● **PROBLEM**:
Needed from the data below: every line from the one with "#74=EDGE_CURVE('E437',#71,#73,#69,.T.);" up to and including the one with "#89=EDGE_CURVE('E406',#40,#73,#88,.T.);", repeated exactly and with nothing else.

● **EXTRACTED INFORMATION**:
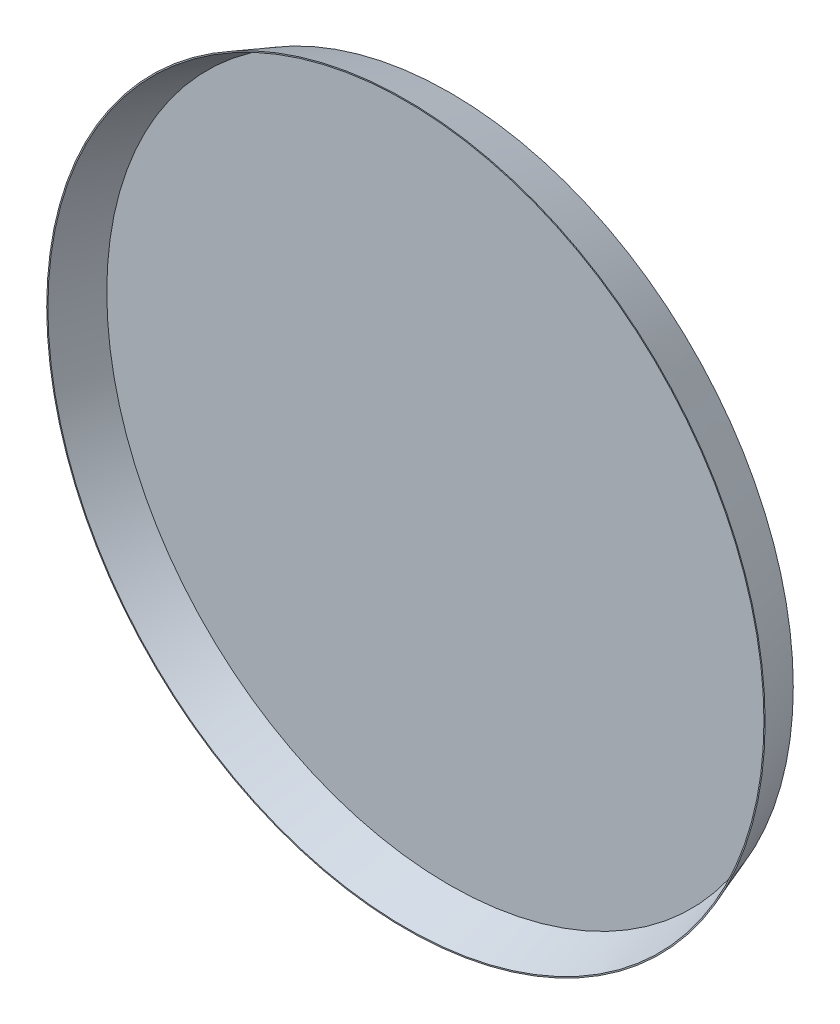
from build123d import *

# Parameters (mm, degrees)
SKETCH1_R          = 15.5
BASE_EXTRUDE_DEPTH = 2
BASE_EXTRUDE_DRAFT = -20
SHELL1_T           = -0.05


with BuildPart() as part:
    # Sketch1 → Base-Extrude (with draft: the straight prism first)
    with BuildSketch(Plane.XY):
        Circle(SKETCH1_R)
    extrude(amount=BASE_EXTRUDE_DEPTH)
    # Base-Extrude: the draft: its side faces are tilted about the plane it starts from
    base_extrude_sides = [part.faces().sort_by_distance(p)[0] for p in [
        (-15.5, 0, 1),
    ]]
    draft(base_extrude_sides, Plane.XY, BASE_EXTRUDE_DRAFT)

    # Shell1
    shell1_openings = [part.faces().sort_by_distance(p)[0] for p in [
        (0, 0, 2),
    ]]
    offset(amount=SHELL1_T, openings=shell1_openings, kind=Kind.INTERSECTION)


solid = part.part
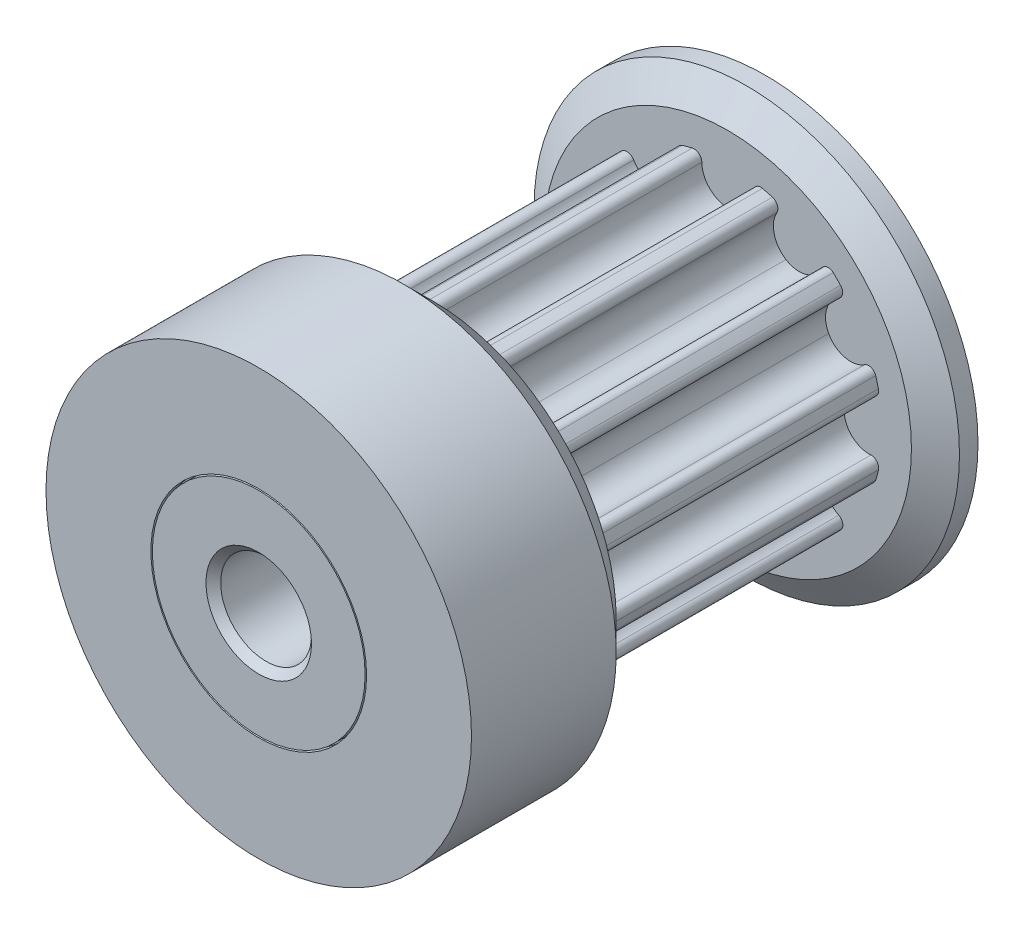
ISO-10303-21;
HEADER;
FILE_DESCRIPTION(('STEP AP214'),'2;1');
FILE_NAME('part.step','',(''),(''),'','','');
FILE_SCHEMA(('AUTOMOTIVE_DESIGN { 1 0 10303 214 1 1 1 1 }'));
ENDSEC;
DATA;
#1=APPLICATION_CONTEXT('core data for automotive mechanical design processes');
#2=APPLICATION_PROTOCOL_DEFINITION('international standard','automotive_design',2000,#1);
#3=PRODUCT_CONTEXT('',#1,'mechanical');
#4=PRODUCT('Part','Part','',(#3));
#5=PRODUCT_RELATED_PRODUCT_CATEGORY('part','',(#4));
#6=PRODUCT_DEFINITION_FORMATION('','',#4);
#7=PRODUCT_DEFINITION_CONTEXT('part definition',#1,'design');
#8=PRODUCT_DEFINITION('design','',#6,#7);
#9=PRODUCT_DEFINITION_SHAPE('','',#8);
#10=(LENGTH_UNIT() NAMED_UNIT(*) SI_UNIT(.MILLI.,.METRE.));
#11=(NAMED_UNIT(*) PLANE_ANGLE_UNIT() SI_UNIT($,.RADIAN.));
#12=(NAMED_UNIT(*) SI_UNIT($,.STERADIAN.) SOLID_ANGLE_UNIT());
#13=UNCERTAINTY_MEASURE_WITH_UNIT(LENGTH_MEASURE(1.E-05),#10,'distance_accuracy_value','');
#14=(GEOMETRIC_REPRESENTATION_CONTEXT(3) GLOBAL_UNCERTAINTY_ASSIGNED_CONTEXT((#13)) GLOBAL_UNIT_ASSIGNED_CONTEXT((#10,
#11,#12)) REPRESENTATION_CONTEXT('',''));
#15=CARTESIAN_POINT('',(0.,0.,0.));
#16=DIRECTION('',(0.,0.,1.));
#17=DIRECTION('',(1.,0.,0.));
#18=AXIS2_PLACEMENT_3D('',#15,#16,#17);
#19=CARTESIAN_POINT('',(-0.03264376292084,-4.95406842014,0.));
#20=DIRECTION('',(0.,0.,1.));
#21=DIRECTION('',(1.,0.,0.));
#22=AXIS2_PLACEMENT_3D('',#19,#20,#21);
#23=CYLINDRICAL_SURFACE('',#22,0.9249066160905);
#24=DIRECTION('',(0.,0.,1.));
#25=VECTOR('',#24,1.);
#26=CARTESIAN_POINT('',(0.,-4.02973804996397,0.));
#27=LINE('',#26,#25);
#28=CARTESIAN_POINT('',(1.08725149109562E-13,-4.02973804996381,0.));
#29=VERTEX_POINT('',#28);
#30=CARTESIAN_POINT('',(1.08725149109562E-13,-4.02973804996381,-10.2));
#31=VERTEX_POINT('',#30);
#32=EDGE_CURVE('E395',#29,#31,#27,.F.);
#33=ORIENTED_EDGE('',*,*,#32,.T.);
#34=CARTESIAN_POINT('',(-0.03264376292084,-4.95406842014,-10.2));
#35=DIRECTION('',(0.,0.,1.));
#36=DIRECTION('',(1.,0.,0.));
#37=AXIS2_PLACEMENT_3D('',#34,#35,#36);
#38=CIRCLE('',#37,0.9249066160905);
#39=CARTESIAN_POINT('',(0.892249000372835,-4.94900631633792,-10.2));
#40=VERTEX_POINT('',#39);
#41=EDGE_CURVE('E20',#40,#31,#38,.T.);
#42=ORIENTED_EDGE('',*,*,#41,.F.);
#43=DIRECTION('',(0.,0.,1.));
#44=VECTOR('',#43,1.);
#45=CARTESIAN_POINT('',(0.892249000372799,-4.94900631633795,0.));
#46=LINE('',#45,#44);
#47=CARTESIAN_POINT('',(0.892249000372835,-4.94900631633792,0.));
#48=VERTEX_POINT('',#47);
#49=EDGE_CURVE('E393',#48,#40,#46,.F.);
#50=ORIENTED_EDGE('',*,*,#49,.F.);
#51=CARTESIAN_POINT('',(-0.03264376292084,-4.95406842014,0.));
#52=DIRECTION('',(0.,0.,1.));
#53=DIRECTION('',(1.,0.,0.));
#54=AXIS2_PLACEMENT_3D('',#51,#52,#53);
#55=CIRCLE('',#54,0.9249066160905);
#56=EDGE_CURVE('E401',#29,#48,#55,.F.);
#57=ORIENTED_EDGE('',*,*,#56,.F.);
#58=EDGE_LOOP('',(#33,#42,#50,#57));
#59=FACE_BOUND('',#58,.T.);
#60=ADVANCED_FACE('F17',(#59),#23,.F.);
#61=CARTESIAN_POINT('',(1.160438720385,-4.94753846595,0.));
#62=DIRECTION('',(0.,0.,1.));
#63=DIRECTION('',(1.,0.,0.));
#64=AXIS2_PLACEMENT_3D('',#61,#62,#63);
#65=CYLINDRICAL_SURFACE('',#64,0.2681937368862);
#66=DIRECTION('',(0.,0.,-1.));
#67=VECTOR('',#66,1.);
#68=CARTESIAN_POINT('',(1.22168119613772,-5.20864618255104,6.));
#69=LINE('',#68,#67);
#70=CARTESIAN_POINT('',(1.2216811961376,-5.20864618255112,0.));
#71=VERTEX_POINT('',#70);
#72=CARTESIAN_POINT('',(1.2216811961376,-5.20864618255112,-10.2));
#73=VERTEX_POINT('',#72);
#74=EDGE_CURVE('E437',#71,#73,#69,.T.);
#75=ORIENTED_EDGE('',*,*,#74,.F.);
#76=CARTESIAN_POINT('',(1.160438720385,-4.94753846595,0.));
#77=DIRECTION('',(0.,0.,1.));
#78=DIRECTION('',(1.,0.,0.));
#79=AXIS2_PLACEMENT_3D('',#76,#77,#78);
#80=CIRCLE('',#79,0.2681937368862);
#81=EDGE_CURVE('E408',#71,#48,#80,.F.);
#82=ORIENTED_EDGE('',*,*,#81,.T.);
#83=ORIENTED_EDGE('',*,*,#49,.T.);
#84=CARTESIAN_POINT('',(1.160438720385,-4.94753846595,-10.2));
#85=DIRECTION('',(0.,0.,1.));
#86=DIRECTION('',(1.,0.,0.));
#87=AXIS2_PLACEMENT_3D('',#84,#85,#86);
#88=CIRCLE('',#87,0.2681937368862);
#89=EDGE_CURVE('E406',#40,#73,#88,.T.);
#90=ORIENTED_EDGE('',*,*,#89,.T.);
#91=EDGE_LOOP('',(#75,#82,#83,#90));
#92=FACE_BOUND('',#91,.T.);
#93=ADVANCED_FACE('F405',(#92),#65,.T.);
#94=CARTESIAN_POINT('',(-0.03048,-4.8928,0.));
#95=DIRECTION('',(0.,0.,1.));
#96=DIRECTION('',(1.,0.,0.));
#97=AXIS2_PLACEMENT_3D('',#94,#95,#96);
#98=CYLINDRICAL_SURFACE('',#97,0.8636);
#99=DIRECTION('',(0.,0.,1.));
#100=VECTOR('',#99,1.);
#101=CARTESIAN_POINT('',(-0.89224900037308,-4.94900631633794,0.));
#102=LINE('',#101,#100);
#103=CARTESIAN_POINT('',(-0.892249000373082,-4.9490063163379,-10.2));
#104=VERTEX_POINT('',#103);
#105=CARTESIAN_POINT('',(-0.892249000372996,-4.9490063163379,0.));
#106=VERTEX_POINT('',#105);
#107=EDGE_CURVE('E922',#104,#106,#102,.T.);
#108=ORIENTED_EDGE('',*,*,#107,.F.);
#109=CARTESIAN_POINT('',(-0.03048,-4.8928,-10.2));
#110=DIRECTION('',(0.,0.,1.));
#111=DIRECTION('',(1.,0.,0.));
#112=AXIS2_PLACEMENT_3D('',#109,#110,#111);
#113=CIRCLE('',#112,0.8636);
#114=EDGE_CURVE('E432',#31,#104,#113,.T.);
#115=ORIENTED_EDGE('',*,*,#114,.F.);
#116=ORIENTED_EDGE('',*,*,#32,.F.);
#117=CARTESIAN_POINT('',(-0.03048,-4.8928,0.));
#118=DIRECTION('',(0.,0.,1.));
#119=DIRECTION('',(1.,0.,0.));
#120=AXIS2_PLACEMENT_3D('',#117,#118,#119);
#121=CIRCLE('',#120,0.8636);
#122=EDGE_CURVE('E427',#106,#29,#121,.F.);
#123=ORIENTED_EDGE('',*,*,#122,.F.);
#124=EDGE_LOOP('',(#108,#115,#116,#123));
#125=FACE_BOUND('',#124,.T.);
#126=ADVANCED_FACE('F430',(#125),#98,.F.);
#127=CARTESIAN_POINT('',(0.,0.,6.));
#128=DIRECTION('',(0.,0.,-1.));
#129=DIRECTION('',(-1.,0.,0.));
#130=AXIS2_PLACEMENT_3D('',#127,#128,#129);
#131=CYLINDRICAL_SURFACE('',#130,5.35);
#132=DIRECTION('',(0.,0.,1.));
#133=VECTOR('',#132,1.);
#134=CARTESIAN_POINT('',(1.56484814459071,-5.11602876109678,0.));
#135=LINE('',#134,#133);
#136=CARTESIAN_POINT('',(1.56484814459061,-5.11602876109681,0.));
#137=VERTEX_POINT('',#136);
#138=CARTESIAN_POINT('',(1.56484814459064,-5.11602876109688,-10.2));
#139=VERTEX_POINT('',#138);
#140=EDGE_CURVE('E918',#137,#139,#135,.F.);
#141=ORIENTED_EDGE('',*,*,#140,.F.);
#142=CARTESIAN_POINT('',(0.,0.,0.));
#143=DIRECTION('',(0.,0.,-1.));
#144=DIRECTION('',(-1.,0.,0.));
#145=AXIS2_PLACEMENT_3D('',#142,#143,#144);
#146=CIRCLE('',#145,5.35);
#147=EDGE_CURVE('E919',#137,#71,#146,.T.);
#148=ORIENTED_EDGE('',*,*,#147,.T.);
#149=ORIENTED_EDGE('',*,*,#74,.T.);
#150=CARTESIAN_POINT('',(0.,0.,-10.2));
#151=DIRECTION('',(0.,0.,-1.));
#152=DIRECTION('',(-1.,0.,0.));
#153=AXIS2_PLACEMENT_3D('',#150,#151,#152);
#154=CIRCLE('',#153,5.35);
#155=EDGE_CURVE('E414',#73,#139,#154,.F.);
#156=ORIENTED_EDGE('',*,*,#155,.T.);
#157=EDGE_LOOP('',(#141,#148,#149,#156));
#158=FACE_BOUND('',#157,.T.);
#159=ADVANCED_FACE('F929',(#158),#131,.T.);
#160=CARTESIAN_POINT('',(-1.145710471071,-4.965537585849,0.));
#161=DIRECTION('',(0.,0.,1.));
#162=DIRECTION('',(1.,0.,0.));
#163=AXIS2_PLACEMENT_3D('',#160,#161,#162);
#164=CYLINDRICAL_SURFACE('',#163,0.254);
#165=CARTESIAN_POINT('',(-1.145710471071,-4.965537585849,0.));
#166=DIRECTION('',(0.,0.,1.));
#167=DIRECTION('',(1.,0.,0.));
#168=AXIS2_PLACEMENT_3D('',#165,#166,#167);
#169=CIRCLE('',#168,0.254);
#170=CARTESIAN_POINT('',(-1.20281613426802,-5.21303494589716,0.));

● **ANSWER TO THIS TASK**:
#74=EDGE_CURVE('E437',#71,#73,#69,.T.);
#75=ORIENTED_EDGE('',*,*,#74,.F.);
#76=CARTESIAN_POINT('',(1.160438720385,-4.94753846595,0.));
#77=DIRECTION('',(0.,0.,1.));
#78=DIRECTION('',(1.,0.,0.));
#79=AXIS2_PLACEMENT_3D('',#76,#77,#78);
#80=CIRCLE('',#79,0.2681937368862);
#81=EDGE_CURVE('E408',#71,#48,#80,.F.);
#82=ORIENTED_EDGE('',*,*,#81,.T.);
#83=ORIENTED_EDGE('',*,*,#49,.T.);
#84=CARTESIAN_POINT('',(1.160438720385,-4.94753846595,-10.2));
#85=DIRECTION('',(0.,0.,1.));
#86=DIRECTION('',(1.,0.,0.));
#87=AXIS2_PLACEMENT_3D('',#84,#85,#86);
#88=CIRCLE('',#87,0.2681937368862);
#89=EDGE_CURVE('E406',#40,#73,#88,.T.);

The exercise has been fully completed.